Disappointing maybe for you, but most likely your Son learned a whole lot more than you might think. Twenty or so years from now he will still cherish the time spent with you down to every small detail. That can never be replaced.

I am 78 and my parents have been gone for quite a number of years now, but I love to recall "all" the times spent with them, both good and bad. I can remember back as a youngster going fishing with my Dad and never getting a single bite, but that memory is still equal to when we filled a number 3 wash tub full of Croakers.

I would be willing to bet that ole dad gained a few memories also. You done good Steve.

Have a great day,
ThomasT

Reactions: Agree 5


----------



## ThomasT (Apr 7, 2019)

FLQuacker said:


> Time to move on to Georgia
> 
> View attachment 163845




Hello Wayne,

Man you are killing me with those beautiful photos.....I don't think that Turkey feels quite the same as I do 

Have a great day,
ThomasT

Reactions: Like 1 | Funny 3


----------



## FLQuacker (Apr 7, 2019)

Lol....

Reactions: Like 3


----------



## Wildthings (Apr 7, 2019)

You’re killing me too. At my son’s house this weekend and in between thunderstorms trying to get some responses to my calls. Not a sound!!


----------



## FLQuacker (Apr 7, 2019)

...the rest of the story

This was the 4th weekend here. I've hunted 12 mornings. I've heard 2 close gobbles (they've both been posing for you)

In that respect it's been an awesome season, my personal best.

3rd and 4th was distant and I don't "go to" those on public land.

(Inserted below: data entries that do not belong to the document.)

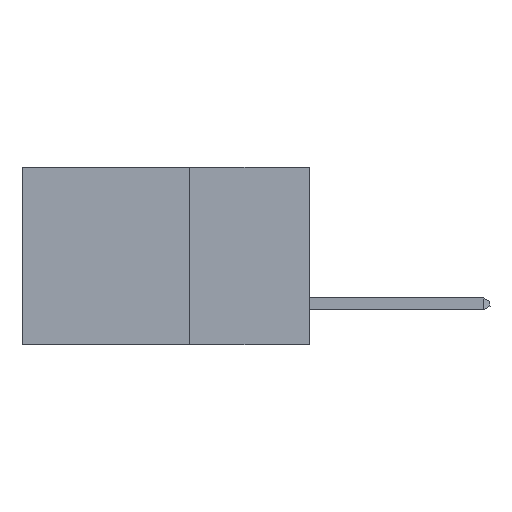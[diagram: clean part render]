
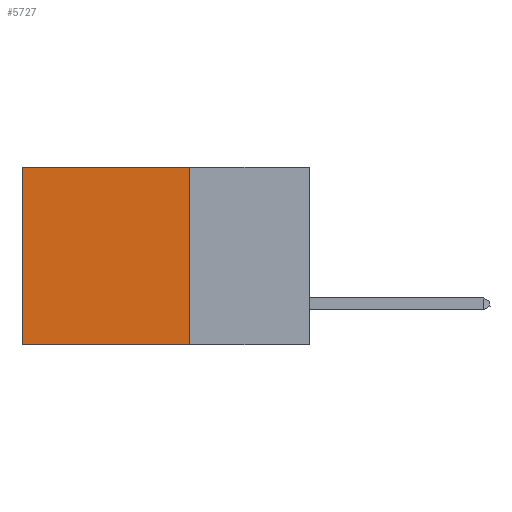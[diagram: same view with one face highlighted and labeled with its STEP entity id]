
A CAD part, left-side view. The second image highlights one B-rep face of the part: STEP entity #5727.
In plain terms, the highlighted planar face has unit normal (-1, 0, 0).
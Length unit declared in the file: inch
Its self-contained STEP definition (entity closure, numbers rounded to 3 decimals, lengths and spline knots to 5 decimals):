
#69 = VECTOR ( 'NONE', #13124, 39.37008 ) ;
#445 = LINE ( 'NONE', #6847, #69 ) ;
#710 = CARTESIAN_POINT ( 'NONE',  ( 0.2875, 0.25, -0.37 ) ) ;
#935 = CARTESIAN_POINT ( 'NONE',  ( 0.2875, 0.25, -0.37 ) ) ;
#1014 = CARTESIAN_POINT ( 'NONE',  ( 0.2875, 0.6, -0.37 ) ) ;
#1396 = DIRECTION ( 'NONE',  ( 0., 0., -1. ) ) ;
#1965 = VERTEX_POINT ( 'NONE', #1014 ) ;
#2346 = FACE_OUTER_BOUND ( 'NONE', #7158, .T. ) ;
#3313 = VERTEX_POINT ( 'NONE', #4592 ) ;
#4227 = ORIENTED_EDGE ( 'NONE', *, *, #10121, .F. ) ;
#4389 = VECTOR ( 'NONE', #1396, 39.37008 ) ;
#4467 = PLANE ( 'NONE',  #5362 ) ;
#4511 = CARTESIAN_POINT ( 'NONE',  ( 0.2875, 0.6, 0. ) ) ;
#4592 = CARTESIAN_POINT ( 'NONE',  ( 0.2875, 0.25, 0. ) ) ;
#5362 = AXIS2_PLACEMENT_3D ( 'NONE', #11975, #5576, #12978 ) ;
#5404 = VECTOR ( 'NONE', #9865, 39.37008 ) ;
#5576 = DIRECTION ( 'NONE',  ( 1., 0., 0. ) ) ;
#5699 = EDGE_CURVE ( 'NONE', #3313, #10910, #11128, .T. ) ;
#5727 = ADVANCED_FACE ( 'NONE', ( #2346 ), #4467, .F. ) ;
#6847 = CARTESIAN_POINT ( 'NONE',  ( 0.2875, 0.25, 0. ) ) ;
#7158 = EDGE_LOOP ( 'NONE', ( #14193, #4227, #8687, #8727 ) ) ;
#7676 = DIRECTION ( 'NONE',  ( 0., 1., 0. ) ) ;
#8687 = ORIENTED_EDGE ( 'NONE', *, *, #5699, .F. ) ;
#8727 = ORIENTED_EDGE ( 'NONE', *, *, #9667, .T. ) ;
#9337 = CARTESIAN_POINT ( 'NONE',  ( 0.2875, 0.6, 0. ) ) ;
#9573 = VECTOR ( 'NONE', #7676, 39.37008 ) ;
#9667 = EDGE_CURVE ( 'NONE', #3313, #12594, #445, .T. ) ;
#9817 = CARTESIAN_POINT ( 'NONE',  ( 0.2875, 0.25, 0. ) ) ;
#9865 = DIRECTION ( 'NONE',  ( 0., 0., -1. ) ) ;
#10121 = EDGE_CURVE ( 'NONE', #10910, #1965, #12614, .T. ) ;
#10910 = VERTEX_POINT ( 'NONE', #935 ) ;
#11128 = LINE ( 'NONE', #9817, #5404 ) ;
#11716 = EDGE_CURVE ( 'NONE', #12594, #1965, #12884, .T. ) ;
#11975 = CARTESIAN_POINT ( 'NONE',  ( 0.2875, 0.25, 0. ) ) ;
#12594 = VERTEX_POINT ( 'NONE', #4511 ) ;
#12614 = LINE ( 'NONE', #710, #9573 ) ;
#12884 = LINE ( 'NONE', #9337, #4389 ) ;
#12978 = DIRECTION ( 'NONE',  ( 0., 0., -1. ) ) ;
#13124 = DIRECTION ( 'NONE',  ( 0., 1., 0. ) ) ;
#14193 = ORIENTED_EDGE ( 'NONE', *, *, #11716, .T. ) ;

So there's been a lot of "Not a sound" for me too.

Reactions: Like 2


----------



## Eric Rorabaugh (Apr 8, 2019)

FLQuacker said:


> I don't "go to" those on public land.



Very, very smart. The majority of hunting incidents we have during spring gobbler is "I heard a sound and I thought it was a turkey so I shot."

Reactions: Like 1


----------



## FLQuacker (Apr 8, 2019)

Thanks Eric...I know you see that scenario in accidents a lot. Most of us hunt for the same reason. The "high" of stalking game and the sense of accomplishment when successful. Adrenalin gives you tunnel vision, distorts perception and causes you to sometimes do irrational things. Real hunters learn to control and enjoy it...those that haven't yet, and those that can't are the threats in the woods!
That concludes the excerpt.